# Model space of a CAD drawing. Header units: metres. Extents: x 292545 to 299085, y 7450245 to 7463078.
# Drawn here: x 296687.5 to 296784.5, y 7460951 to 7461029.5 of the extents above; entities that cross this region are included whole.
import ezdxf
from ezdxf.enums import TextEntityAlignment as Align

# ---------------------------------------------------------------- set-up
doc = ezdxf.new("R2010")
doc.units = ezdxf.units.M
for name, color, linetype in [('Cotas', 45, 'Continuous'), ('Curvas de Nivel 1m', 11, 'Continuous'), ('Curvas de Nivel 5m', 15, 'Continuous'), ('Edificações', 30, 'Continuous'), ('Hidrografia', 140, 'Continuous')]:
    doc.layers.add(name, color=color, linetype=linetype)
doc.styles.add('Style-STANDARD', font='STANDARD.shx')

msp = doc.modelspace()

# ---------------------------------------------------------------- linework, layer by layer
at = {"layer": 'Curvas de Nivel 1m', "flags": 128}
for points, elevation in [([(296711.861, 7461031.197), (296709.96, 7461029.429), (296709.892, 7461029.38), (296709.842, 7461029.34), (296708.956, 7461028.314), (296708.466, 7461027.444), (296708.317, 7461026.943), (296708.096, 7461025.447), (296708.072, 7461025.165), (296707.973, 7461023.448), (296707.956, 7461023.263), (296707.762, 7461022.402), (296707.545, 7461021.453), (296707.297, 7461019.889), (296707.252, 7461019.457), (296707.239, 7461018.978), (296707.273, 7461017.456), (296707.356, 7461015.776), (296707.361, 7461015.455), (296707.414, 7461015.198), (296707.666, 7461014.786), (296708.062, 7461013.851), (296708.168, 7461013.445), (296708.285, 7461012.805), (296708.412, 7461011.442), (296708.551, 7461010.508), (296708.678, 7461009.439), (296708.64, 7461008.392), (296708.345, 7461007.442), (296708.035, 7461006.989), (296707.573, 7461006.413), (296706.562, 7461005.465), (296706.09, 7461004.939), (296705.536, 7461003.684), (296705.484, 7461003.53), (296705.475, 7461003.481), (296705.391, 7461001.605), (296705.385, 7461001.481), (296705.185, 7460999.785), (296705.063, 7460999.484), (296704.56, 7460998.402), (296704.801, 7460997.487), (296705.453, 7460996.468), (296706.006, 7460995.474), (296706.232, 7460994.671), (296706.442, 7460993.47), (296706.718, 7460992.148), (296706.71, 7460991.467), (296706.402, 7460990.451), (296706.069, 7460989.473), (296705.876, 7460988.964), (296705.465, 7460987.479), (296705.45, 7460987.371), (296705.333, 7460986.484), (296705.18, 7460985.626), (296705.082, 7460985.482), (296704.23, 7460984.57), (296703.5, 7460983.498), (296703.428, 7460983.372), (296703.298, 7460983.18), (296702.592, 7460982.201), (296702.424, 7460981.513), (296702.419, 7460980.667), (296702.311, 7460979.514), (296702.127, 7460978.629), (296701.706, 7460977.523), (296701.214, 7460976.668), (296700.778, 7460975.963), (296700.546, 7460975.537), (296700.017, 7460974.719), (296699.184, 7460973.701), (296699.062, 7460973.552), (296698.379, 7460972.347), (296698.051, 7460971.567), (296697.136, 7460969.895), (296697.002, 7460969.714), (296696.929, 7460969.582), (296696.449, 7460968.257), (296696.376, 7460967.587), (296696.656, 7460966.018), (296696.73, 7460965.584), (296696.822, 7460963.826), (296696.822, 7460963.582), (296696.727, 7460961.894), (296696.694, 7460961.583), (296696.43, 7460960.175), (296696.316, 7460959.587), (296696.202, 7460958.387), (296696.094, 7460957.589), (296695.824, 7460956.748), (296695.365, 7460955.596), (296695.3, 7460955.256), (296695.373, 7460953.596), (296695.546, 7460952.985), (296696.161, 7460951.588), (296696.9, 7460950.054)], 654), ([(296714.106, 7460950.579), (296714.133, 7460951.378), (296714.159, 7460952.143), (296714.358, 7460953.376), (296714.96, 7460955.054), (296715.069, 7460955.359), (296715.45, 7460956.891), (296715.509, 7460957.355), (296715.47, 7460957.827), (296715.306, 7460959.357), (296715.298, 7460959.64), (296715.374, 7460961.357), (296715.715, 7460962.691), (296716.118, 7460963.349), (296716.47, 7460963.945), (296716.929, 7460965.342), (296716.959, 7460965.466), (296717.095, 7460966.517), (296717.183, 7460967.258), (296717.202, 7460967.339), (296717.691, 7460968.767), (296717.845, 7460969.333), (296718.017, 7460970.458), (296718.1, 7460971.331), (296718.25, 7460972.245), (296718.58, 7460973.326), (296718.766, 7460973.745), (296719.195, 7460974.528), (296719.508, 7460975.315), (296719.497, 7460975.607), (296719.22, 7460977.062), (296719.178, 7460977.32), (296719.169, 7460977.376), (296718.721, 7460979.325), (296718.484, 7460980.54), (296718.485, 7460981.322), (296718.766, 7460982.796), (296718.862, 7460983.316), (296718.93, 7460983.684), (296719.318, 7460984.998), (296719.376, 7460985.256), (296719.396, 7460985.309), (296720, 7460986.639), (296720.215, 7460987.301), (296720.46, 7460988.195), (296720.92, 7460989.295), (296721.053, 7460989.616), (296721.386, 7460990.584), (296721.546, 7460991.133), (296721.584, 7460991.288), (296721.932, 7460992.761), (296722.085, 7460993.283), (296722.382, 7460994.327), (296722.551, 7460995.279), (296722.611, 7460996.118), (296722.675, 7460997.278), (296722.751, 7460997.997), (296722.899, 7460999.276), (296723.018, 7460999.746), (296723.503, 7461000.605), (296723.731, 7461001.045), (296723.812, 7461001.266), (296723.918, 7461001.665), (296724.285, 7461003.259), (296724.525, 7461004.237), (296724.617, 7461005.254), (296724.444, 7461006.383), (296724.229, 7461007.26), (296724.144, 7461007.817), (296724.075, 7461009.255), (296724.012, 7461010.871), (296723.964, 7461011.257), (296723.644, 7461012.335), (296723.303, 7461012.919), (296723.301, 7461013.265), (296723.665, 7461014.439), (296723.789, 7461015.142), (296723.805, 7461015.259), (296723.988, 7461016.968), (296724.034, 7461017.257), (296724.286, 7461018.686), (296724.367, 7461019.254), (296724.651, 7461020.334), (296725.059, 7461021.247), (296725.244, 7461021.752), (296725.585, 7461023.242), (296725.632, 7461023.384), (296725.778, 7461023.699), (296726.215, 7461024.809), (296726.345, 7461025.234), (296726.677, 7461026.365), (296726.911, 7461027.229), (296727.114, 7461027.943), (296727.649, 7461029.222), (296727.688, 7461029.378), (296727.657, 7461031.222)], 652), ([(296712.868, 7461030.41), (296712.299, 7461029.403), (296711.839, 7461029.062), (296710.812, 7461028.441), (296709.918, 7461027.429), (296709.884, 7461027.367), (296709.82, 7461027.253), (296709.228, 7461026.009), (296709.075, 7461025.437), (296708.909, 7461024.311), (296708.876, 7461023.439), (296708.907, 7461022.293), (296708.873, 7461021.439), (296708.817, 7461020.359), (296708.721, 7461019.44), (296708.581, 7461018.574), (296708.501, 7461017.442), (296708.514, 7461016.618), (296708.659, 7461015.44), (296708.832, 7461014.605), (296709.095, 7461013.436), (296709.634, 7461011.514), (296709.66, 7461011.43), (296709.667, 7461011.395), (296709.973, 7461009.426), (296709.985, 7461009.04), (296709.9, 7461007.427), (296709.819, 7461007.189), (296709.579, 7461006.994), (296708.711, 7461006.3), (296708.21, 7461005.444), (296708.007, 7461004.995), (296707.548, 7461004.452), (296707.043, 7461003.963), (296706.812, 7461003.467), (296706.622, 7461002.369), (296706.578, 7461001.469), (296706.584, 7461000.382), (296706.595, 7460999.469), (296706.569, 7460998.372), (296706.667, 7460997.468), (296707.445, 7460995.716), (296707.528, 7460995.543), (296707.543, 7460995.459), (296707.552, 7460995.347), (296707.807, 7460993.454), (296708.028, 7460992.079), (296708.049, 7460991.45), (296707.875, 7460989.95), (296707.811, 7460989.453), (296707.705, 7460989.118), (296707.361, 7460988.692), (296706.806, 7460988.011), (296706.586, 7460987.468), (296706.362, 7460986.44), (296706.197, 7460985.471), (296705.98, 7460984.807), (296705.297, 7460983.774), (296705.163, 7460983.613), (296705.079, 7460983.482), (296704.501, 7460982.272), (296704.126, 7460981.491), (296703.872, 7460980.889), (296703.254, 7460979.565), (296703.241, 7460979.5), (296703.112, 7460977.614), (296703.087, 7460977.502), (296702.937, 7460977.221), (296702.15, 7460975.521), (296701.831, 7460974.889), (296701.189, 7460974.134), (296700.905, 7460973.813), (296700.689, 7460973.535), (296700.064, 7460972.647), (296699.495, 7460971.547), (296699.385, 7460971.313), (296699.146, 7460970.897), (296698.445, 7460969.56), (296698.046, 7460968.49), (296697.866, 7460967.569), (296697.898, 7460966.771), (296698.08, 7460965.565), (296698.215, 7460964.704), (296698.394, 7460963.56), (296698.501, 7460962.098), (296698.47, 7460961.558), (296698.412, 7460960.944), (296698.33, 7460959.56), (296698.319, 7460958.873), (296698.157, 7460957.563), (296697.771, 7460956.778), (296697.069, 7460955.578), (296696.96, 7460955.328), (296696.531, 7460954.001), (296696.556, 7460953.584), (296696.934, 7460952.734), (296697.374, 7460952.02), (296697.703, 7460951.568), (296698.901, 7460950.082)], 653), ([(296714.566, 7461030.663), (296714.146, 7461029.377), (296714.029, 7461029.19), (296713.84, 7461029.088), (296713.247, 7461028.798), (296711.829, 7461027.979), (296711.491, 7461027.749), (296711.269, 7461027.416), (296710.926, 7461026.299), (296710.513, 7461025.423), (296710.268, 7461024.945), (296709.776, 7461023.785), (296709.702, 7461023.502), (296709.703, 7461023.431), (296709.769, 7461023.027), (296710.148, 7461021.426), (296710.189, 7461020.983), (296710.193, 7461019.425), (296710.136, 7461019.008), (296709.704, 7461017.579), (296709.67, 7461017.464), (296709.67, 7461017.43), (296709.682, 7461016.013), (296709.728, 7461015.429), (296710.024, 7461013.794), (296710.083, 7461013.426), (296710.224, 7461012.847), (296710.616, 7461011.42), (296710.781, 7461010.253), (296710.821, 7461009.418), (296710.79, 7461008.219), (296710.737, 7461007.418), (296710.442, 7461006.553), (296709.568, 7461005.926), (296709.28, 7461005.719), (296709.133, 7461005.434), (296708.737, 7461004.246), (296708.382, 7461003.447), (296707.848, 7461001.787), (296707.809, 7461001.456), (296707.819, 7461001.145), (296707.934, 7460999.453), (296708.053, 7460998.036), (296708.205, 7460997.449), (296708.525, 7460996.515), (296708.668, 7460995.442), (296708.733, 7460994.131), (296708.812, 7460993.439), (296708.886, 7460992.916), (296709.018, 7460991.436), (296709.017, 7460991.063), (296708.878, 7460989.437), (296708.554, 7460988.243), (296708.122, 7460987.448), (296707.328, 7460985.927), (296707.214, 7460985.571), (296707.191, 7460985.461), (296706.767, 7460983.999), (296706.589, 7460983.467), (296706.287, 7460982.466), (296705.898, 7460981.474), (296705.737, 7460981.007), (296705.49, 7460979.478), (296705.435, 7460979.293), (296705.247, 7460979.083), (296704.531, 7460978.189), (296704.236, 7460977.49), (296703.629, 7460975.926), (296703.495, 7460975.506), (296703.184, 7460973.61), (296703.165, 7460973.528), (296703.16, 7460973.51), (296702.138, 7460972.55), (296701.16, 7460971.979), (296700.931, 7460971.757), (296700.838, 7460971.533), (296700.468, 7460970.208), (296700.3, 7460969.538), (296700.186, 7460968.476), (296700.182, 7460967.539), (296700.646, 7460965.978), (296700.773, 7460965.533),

• Problem description
Please state only the number of lines above that hold the string "Curvas".

• Reply
2